Produzido pela Ri7a - a Inteligência Artificial do R7

Arguição de Descumprimento de Preceito Fundamental será avaliada pelo STF Joédson Alves/Agência Brasil - 11.02.2025

Anos após a sanção da lei que cria o Cadastro Nacional de Pessoas Condenadas por Crime de Estupro e o Cadastro Nacional de Pedófilos e Predadores Sexuais, o Brasil ainda não conta com o funcionamento dessas plataformas. Os projetos foram sancionados em 2020 e 2024, respectivamente, mas não estabeleciam um prazo para funcionamento do cadastro.

O tema é motivo de uma Arguição de Descumprimento de Preceito Fundamental, ajuizada pelo partido Novo no STF (Supremo Tribunal Federal) um dia após o governo anunciar uma nova lista: desta vez dos homens condenados por feminicídio.


A sigla avalia que o Estado está descumprindo normas aprovadas pelo Congresso e sancionadas pela própria presidência da República.

“Não é aceitável que cadastros previstos em lei há anos continuem inexistentes. Quando o poder público falha em fornecer informação e transparência, quem fica vulnerável são as vítimas e suas famílias. O cadastro é um instrumento de proteção social e prevenção”, diz o presidente do partido, Eduardo Ribeiro.


Pela legislação aprovada, qualquer cidadão poderia verificar, por meio do nome ou CPF, se determinada pessoa possui histórico de condenação por estupro, estupro de vulnerável ou crimes relacionados à exploração sexual infantil.

Os advogados alegam que mesmo depois da promulgação da Lei n.º 14.069/2020 e após quase dois anos da Lei n.º 15.035/2024, ainda não há um cronograma definido pelo Ministério da Justiça e Segurança Pública ou pelo CNJ (Conselho Nacional de Justiça). Os dois órgãos vivem um impasse sobre a competência pela manutenção da lista de condenados.

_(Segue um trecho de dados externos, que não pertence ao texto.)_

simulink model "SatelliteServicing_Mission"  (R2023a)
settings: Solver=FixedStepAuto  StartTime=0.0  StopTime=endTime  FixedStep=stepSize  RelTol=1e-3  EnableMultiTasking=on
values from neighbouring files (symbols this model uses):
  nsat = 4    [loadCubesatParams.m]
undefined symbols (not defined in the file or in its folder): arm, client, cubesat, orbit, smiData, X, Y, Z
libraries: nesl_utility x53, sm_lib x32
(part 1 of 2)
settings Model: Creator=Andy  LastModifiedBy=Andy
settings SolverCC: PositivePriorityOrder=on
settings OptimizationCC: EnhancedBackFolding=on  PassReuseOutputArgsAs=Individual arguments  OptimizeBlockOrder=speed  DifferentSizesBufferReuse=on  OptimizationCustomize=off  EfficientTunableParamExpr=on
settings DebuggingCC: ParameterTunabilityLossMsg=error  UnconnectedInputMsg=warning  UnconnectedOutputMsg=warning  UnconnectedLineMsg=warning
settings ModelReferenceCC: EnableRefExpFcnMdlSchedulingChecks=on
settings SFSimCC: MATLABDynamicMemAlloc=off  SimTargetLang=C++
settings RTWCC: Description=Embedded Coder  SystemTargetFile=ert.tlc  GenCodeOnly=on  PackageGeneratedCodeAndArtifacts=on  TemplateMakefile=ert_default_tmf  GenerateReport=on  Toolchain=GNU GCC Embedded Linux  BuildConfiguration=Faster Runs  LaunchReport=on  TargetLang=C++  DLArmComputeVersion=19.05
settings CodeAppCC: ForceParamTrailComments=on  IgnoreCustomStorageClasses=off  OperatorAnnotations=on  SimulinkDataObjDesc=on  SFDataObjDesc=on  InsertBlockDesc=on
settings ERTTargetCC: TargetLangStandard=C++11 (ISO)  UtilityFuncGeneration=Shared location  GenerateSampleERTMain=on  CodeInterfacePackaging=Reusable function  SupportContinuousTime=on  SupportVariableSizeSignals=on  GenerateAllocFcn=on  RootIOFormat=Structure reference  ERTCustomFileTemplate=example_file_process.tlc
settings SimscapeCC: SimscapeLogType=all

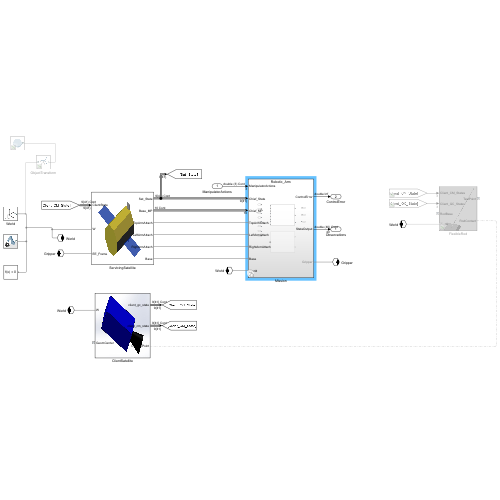
[thumbnail: Simulink's stored preview of the top-level diagram]
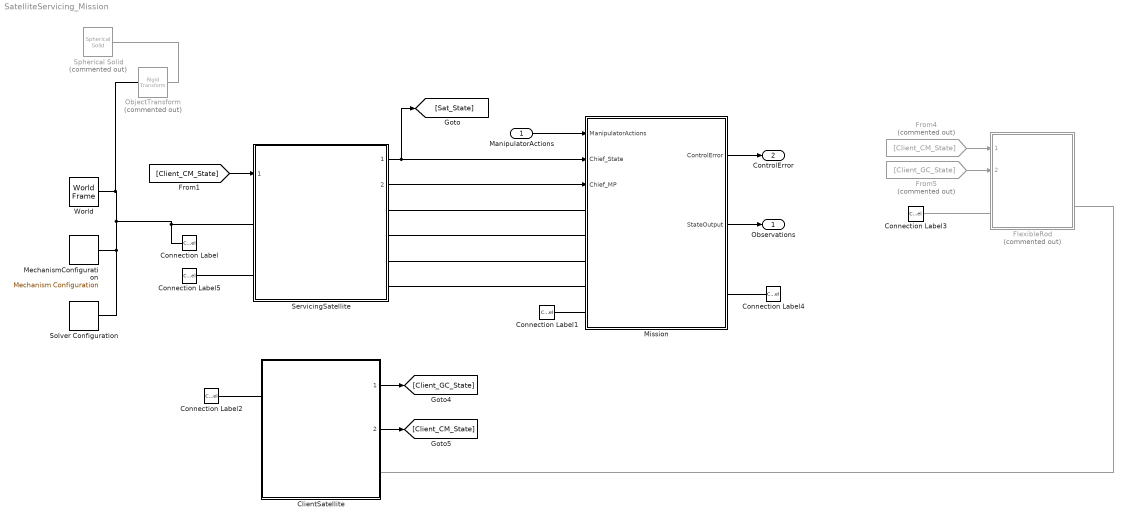
== system SatelliteServicing_Mission ==
  ManipulatorActions : Inport  PortDimensions=nAction
  ClientSatellite : Subsystem  ReferencedSubsystem=ClientSatellite
  Connection Label{,1..3} (4 alike) : ConnectionLabel  Label=World
  Connection Label4 : ConnectionLabel  Label=Gripper
  Connection Label5 : ConnectionLabel  Label=Gripper
  FlexibleRod : Subsystem  Commented=on  ReferencedSubsystem=FlexibleRodModel
  From4 : From  Commented=on  GotoTag=Client_CM_State
  From5 : From  Commented=on  GotoTag=Client_GC_State
  MechanismConfiguration : sm_lib/Utilities/Mechanism Configuration  UniformGravity=Constant  GravityVector=[0 0 -9.80665]*0  GravityVectorUnits=m/s^2  LinearizationDelta=0.001  JointModeTransitionNonlinearIterations=2
  Mission : Subsystem  Variant=on  VariantControl=Choice
  ObjectTransform : sm_lib/Frames and Transforms/Rigid Transform  Commented=on  TranslationMethod=Cartesian  TranslationStandardOffset=0  TranslationStandardOffsetUnits=m  TranslationStandardAxis=+Z  TranslationCartesianOffset=[0 -0.6 0]  TranslationCartesianOffsetUnits=m  TranslationROffset=0  TranslationROffsetUnits=m  TranslationZOffset=0  TranslationZOffsetUnits=m  TranslationThetaOffset=0  TranslationThetaOffsetUnits=deg  RotationMethod=None  RotationAngleUnits=rad  RotationStandardAxis=+Z  RotationAngle=smiData.RigidTransform(21).angle  RotationArbitraryAxis=smiData.RigidTransform(21).axis  FollAlignAxisA=+X  BaseAlignAxisA=+Y  FollAlignAxisB=+Y  BaseAlignAxisB=+Z  RotationSequenceAxes=FollowerAxes  RotationSequence=XYZ  RotationSequenceAngles=[0 0 0]  RotationSequenceAnglesUnits=rad  RotationMatrix=[1 0 0; 0 1 0; 0 0 1]  Quaternion=[1 0 0 0]
  ServicingSatellite : Subsystem  ReferencedSubsystem=ServicingSatellite
  Solver Configuration : nesl_utility/Solver Configuration  PhysicalDomain=network_engine_domain  SubClassName=solver  LeftPortType=input  RightPortType=generic  Tones=[]  Harmonics=[]  SimulateNoise=off  Profile=off  UseLocalSampling=off  EnableSwitchedLinearOptims=on  FrequencyDomain=off  UseCCode=off  RelTol=0.001  AbsTol=1e-06  MinStep=1e-09  ToWorkspace=off  RevertToSquareIcSolve=off  NumHomotopyIterations=100  PhasorMode=off  PhasorModeNumHarmonics=1  ConsistencySolver=NEWTON_FTOL  IndexReductionMethod=DerivativeReplacement  DoDC=off  ResidualTolerance=1e-09  ConsistencyTolSource=GLOBAL  ConsistencyAbsTol=0.001  ConsistencyRelTol=0.001  ConsistencyTolFactor=0.001  UseLocalSolver=off  LocalSolverChoice=NE_BACKWARD_EULER_ADVANCER  ResolveIndetEquations=on  FunctionEvalNumThread=1  LocalSolverSampleTime=0.001  DoFixedCost=off  MaxNonlinIter=3  MaxModeIter=2  ComputeImpulses=off  ImpulseIterations=2  LinearAlgebra=auto  LinearAlgebraNumThread=0  EquationFormulation=NE_TIME_EF  DelaysMemoryBudget=1024  AutomaticFiltering=on  FilteringTimeConstant=0.001  PartitionStorageMethod=AS_NEEDED  PartitionMemoryBudget=1024  PartitionMethod=ROBUST
  Spherical Solid : sm_lib/Body Elements/Spherical Solid  Commented=on  GraphicAmbientColor=[0.15 0.15 0.15 1.0]  BasedOnType=Density  CenterOfMass=[0 0 0]  CenterOfMassUnits=m  GraphicDiffuseColor=[0.5 0.5 0.5]  Density=1000  DensityUnits=kg/m^3  DoExposeReferenceFrame=on  GraphicEmissiveColor=[0.0 0.0 0.0 1.0]  ExportEntireGeometry=off  SerializedExposedGeometries=<ExposedGeometries/>  SerializedFrames=<Frames/>  MarkerShape=Sphere  MarkerSize=10  GraphicType=FromGeometry  InertiaType=CalculateFromGeometry  Mass=1  MassUnits=kg  MomentsOfInertia=[1 1 1]  MomentsOfInertiaUnits=kg*m^2  GraphicOpacity=1.0  ProductsOfInertia=[0 0 0]  ProductsOfInertiaUnits=kg*m^2  GraphicShininess=75  GraphicSpecularColor=[0.5 0.5 0.5 1.0]  SphereRadius=0.1  SphereRadiusUnits=m  GraphicVisPropType=SimpleVisualProperties
  World : sm_lib/Frames and Transforms/World Frame
  Observations : Outport
  ControlError : Outport  Port=2
  wires:
  ServicingSatellite/1 -> [Sat_State], Mission/2(Chief_State)
  ClientSatellite/1 -> [Client_GC_State]
  ClientSatellite/2 -> [Client_CM_State]
  ManipulatorActions/1 -> Mission/1(ManipulatorActions)
  Mission/1(ControlError) -> ControlError/1
  Mission/2(StateOutput) -> Observations/1
  From5/1 -> FlexibleRod/2
  From4/1 -> FlexibleRod/1
  [Client_CM_State] -> ServicingSatellite/1
  ServicingSatellite/2 -> Mission/3(Chief_MP)
  connections:
  MechanismConfiguration/RConn1 -- ServicingSatellite/LConn1 -- Connection Label/LConn1 -- ObjectTransform/LConn1 -- World/RConn1 -- Solver Configuration/RConn1
  FlexibleRod/RConn2 -- ClientSatellite/RConn1
  Connection Label2/LConn1 -- ClientSatellite/LConn1
  FlexibleRod/LConn2 -- Connection Label3/LConn1
  Mission/LConn1 -- ServicingSatellite/RConn1
  Mission/LConn4 -- ServicingSatellite/RConn4
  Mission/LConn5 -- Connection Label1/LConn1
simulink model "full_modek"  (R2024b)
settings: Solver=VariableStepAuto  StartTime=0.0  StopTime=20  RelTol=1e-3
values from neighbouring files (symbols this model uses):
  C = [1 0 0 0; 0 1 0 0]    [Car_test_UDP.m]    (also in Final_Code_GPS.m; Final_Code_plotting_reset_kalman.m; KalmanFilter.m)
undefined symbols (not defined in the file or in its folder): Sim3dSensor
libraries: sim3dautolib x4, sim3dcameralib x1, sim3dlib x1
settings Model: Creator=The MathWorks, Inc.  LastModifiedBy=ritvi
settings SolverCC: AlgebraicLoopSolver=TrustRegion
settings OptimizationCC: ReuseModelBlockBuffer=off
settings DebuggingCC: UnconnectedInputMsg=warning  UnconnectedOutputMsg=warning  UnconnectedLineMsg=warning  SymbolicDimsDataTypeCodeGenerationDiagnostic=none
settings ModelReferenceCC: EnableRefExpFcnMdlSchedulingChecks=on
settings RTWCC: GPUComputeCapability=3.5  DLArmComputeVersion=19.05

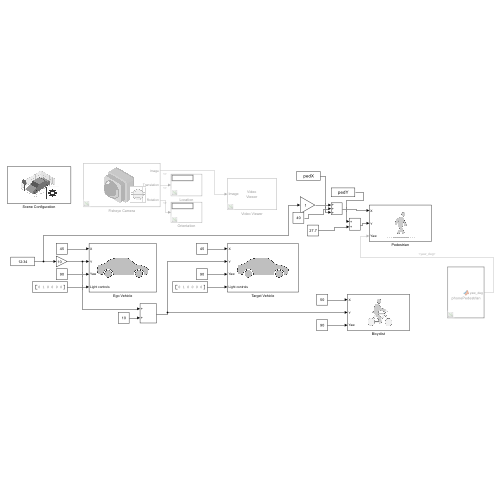
[thumbnail: Simulink's stored preview of the top-level diagram]
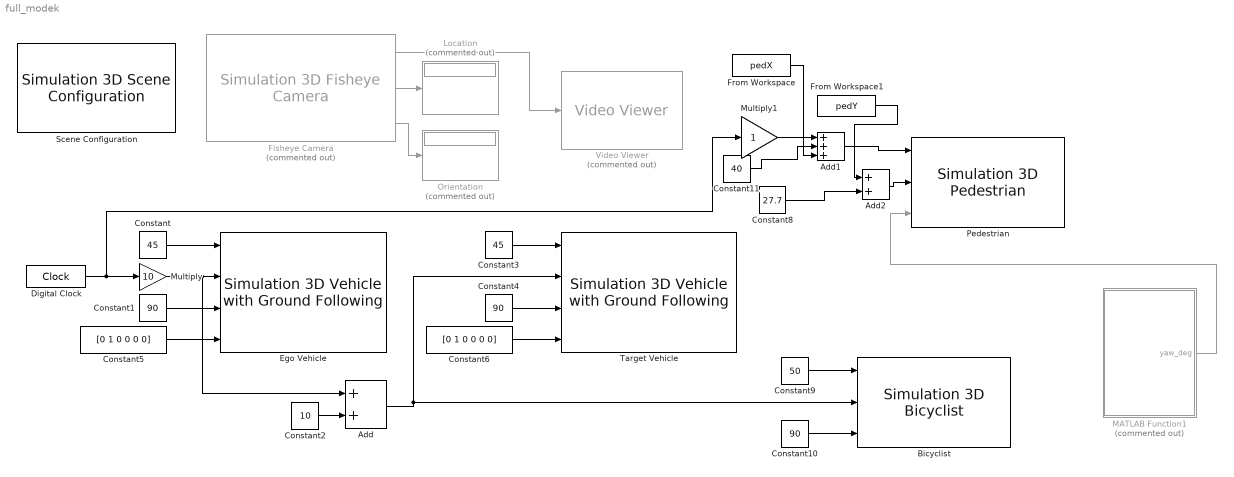
== system full_modek ==
  Add : Sum
  Add1 : Sum  Inputs=+++
  Add2 : Sum
  Bicyclist : sim3dautolib/Simulation 3D Bicyclist  Priority=-1  Scale=[1, 1, 1]  InitialPos=[0, 0, 0]  InitialRot=[0, 0, 0]  ActorName=SimulinkBicyclist1  SampleTime=-1  ActorType=SimulinkBicyclist  ActorTag=SimulinkBicyclist1  ID=1  aMode=3  CoordinateScheme=ISO  TransformOutportEnabled=off
      settings: LibrarySourceBlock=drivingsim3d/Simulation 3D Bicyclist
  Constant : Constant  Value=45
  Constant1 : Constant  Value=90
  Constant10 : Constant  Value=90
  Constant11 : Constant  Value=40
  Constant2 : Constant  Value=10
  Constant3 : Constant  Value=45
  Constant4 : Constant  Value=90
  Constant5 : Constant  Value=[0 1 0 0 0 0]
  Constant6 : Constant  Value=[0 1 0 0 0 0]
  Constant8 : Constant  Value=27.7
  Constant9 : Constant  Value=50
  Digital Clock : DigitalClock  SampleTime=0.01
  Ego Vehicle : sim3dautolib/Simulation 3D Vehicle with Ground Following  Priority=-1  PassVehMesh=Hatchback  MeshPath=/MathWorksSimulation/Vehicles/Muscle/Meshes/SK_MuscleCar.SK_MuscleCar  TrackWidth=1.9  WheelBase=3  WheelRadius=0.35  VehColor=Red  InitialPos=[45, 0, 0]  InitialRot=[0, 0, 90]  ActorName=EgoVehicle  SampleTime=-1  ActorType=SimulinkVehicle  ID=C  aMode=3  ActorTag=EgoVehicle  CoordinateScheme=ISO  VehLightsControl=on  HeadlightColor=[ 1, 1, 1 ]  HighBeamIntensity=100000  LowBeamIntensity=60000  HighBeamConeAngle=70  LowBeamConeAngle=70  LeftHeadlightOrientation=[ 0, 0 ]  RightHeadlightOrientation=[ 0, 0 ]  BrakelightIntensity=500  ReverselightIntensity=500  SignallightIntensity=500  SignallightPeriod=1  SignalPulseWidth=50  TransformOutportEnabled=off
      settings: LibrarySourceBlock=drivingsim3d/Simulation 3D Vehicle with Ground Following
  Fisheye Camera : sim3dcameralib/Simulation 3D Fisheye Camera  Priority=1  Commented=on  sensorTag=Sim3dSensor�  sensorId=1  sensorName=Sim3dSensor�  vehTagList={'EgoVehicle';'Scene Origin';'TargetVehicle'}  vehTag=EgoVehicle  mountLoc=Roof center  offsetFlag=off  tmountOffset=[0, 0, 0]  extTmount=off  rmountOffset=[0, 0, 0]  extRmount=off  OpticalCenter=[640, 360]  ImageSize=[720, 1280]  RadialDistortion=[320, -0.0005, 0, 0]  StretchMatrix=[1, 0; 0, 1]  TransformOutportEnabled=on  SampleTime=-1  mountPoint=[0 0 1.56]  mountOrientation=[0 0 0]  aMode=3  ID=1
      settings: LibrarySourceBlock=drivingsim3d/Simulation 3D Fisheye Camera
  From Workspace : FromWorkspace  VariableName=pedX
  From Workspace1 : FromWorkspace  VariableName=pedY
  Location : Display  Commented=on
  MATLAB Function1 : MATLAB Function  Commented=on  TreatAsAtomicUnit=on
  Multiply : Gain  Gain=10
  Multiply1 : Gain
  Orientation : Display  Commented=on
  Pedestrian : sim3dautolib/Simulation 3D Pedestrian  Priority=-1  PedestrianType=Female 1  Scale=[1, 1, 1]  InitialPos=[0, 0, 0]  InitialYaw=0  ActorName=SimulinkPedestrian1  SampleTime=-1  ActorType=SimulinkPedestrian  ActorTag=SimulinkPedestrian1  ID=1  aMode=3  CoordinateScheme=ISO  TransformOutportEnabled=off
      settings: LibrarySourceBlock=drivingsim3d/Simulation 3D Pedestrian
  Scene Configuration : sim3dlib/Simulation 3D Scene Configuration  Priority=0  ProjectFormat=Unreal Editor  SceneDesc=Large parking lot  ProjectName=C:\Program Files\MATLAB\R2024b\toolbox\shared\sim3d_projects\automotive_project_windows\UE\WindowsNoEditor\VehicleSimulation.exe  ScenePath=/Game/Maps/HwStrght  UEProjPath=C:\Local\AutoVrtlEnv\AutoVrtlEnv.uproject  EnableOpenDRIVE=off  vehTagList={'Custom';'EgoVehicle';'Scene Origin';'TargetVehicle'}  vehTag=EgoVehicle  FreeCameraInitialTranslation=[0, 0, 0]  FreeCameraDefaultInitialTranslation=[-6, 0, 2]  FreeCameraInitialRotation=[0, 0, 0]  FreeCameraDefaultInitialRotation=[0, -15, 0]  OpVisEn=off  Ts=1/60  EnableWindow=on  EnableRemoteAccess=off  EnableWeather=off  SunAzimuth=183.600  SunAltitude=0.0  EnableGeospatialSun=off  Latitude=0  Longitude=0  Date=2023-01-01  Time=10:30:00  GeoTimeZone=-5.0  SunDaylightSaving=off  wind=1  clouds=50.0  EnableVolumetricClouds=off  CloudCoverage=0  CloudAltitude=6  fog=0.0  rain=18.0  RaindropsEffect=off  SnowDensity=0  EnableGeospatial=off  UseTrueOrigin=off  OriginHeight=200  OriginLatitude=40.744652  OriginLongitude=-73.988864  MapStyle=Aerial  AdditionalAssetIDs=[]  UseAdvancedSunSky=off  SolarTime=11  TimeZone=-5  Day=21  Month=9  Year=2022  UseDaylightSavingTime=on  DSTStartDay=10  DSTStartMonth=3  DSTEndDay=3  DSTEndMonth=11  DSTSwitchHour=2  sensorTag=MainCamera2  sensorId=2  sensorName=MainCamera2  mountLoc=Origin  offsetFlag=off  tmountOffset=[0, 0, 0]  rmountOffset=[0, 0, 0]  HorizontalResolution=1280  VerticalResolution=720  HorizontalFOV=60  mountPoint=[0 0 0]  mountOrientation=[0 0 0]  aMode=3  ID=2  GeoTrigger=Inactive
      settings: LibrarySourceBlock=drivingsim3d/Simulation 3D Scene Configuration
  Target Vehicle : sim3dautolib/Simulation 3D Vehicle with Ground Following  Priority=-1  PassVehMesh=Sport utility vehicle  MeshPath=/MathWorksSimulation/Vehicles/Muscle/Meshes/SK_MuscleCar.SK_MuscleCar  TrackWidth=1.9  WheelBase=3  WheelRadius=0.35  VehColor=Green  InitialPos=[45, 10, 0]  InitialRot=[0, 0, 90]  ActorName=TargetVehicle  SampleTime=-1  ActorType=SimulinkVehicle  ID=C  aMode=3  ActorTag=TargetVehicle  CoordinateScheme=ISO  VehLightsControl=on  HeadlightColor=[ 1, 1, 1 ]  HighBeamIntensity=100000  LowBeamIntensity=60000  HighBeamConeAngle=70  LowBeamConeAngle=70  LeftHeadlightOrientation=[ 0, 0 ]  RightHeadlightOrientation=[ 0, 0 ]  BrakelightIntensity=500  ReverselightIntensity=500  SignallightIntensity=500  SignallightPeriod=1  SignalPulseWidth=50  TransformOutportEnabled=off
      settings: LibrarySourceBlock=drivingsim3d/Simulation 3D Vehicle with Ground Following
  Video Viewer : VideoViewer  Commented=on  FigPos=[993.8 1062.8 530.4 429.6]
  wires:
  Multiply/1 -> Add/1, Ego Vehicle/2
  Constant/1 -> Ego Vehicle/1
  Constant1/1 -> Ego Vehicle/3
  Constant2/1 -> Add/2
  Add/1 -> Target Vehicle/2, Bicyclist/2
  Fisheye Camera/1 -> Video Viewer/1
  Digital Clock/1 -> Multiply1/1, Multiply/1
  Fisheye Camera/2 -> Location/1
  Fisheye Camera/3 -> Orientation/1
  Constant3/1 -> Target Vehicle/1
  Constant4/1 -> Target Vehicle/3
  Constant5/1 -> Ego Vehicle/4
  Constant6/1 -> Target Vehicle/4
  MATLAB Function1/1(yaw_deg) -> Pedestrian/3
  Constant9/1 -> Bicyclist/1
  Constant10/1 -> Bicyclist/3
  Multiply1/1 -> Add1/1
  Add1/1 -> Pedestrian/1
  Constant11/1 -> Add1/2
  From Workspace/1 -> Add1/3
  Add2/1 -> Pedestrian/2
  Constant8/1 -> Add2/2
  From Workspace1/1 -> Add2/1

== matlab function full_modek/MATLAB Function1 ==
  data: yaw_deg output
function yaw_deg  = phonePedestrian
%#codegen

% Read MATLAB workspace value
coder.extrinsic('evalin');

% -------------------------------------------------
% PARAMETERS (tune if needed)
% -------------------------------------------------
v  = 1.2;        % walking speed (m/s)
Ts = 0.02;       % simulation step (s)

% -------------------------------------------------
% STATE (persistent)
% -------------------------------------------------
persistent yaw x_pos y_pos
if isempty(yaw)
    yaw   = 0.0;   % radians
    x_pos = 0.0;   % meters
    y_pos = 0.0;   % meters
end

% -------------------------------------------------
% INPUT: phone gyro (rad/s)
% -------------------------------------------------
wz = 0.0;
wz = evalin('base','YawRate');

% -------------------------------------------------
% UPDATE STATE
% -------------------------------------------------
yaw = yaw + wz * Ts;

x_pos = x_pos + v * cos(yaw) * Ts;
y_pos = y_pos + v * sin(yaw) * Ts;

% -------------------------------------------------
% OUTPUTS
% -------------------------------------------------
x = x_pos;
y = y_pos;
yaw_deg = yaw * 180/pi;   % Pedestrian expects degrees

O R7 Planalto entrou em contato com o Ministério e com o Conselho Nacional de Justiça questionando sobre o tema. Em nota, o Ministério da Justiça disse “no âmbito do sistema de justiça criminal brasileiro, as informações relativas a condenações são consolidadas a partir dos dados disponibilizados pelos Tribunais de Justiça e integradas em bases administradas pelo Conselho Nacional de Justiça”.

“No que se refere à Secretaria Nacional de Segurança Pública, a Lei menciona a pasta especificamente quanto à fonte de custeio do cadastro, por meio do Fundo Nacional de Segurança Pública. Assim, eventuais informações mais detalhadas sobre a gestão e consolidação desses dados podem ser obtidas junto aos órgãos responsáveis pela administração das bases do sistema de justiça”, disse.


O CNJ não se posicionou até a publicação desta reportagem. O espaço segue aberto.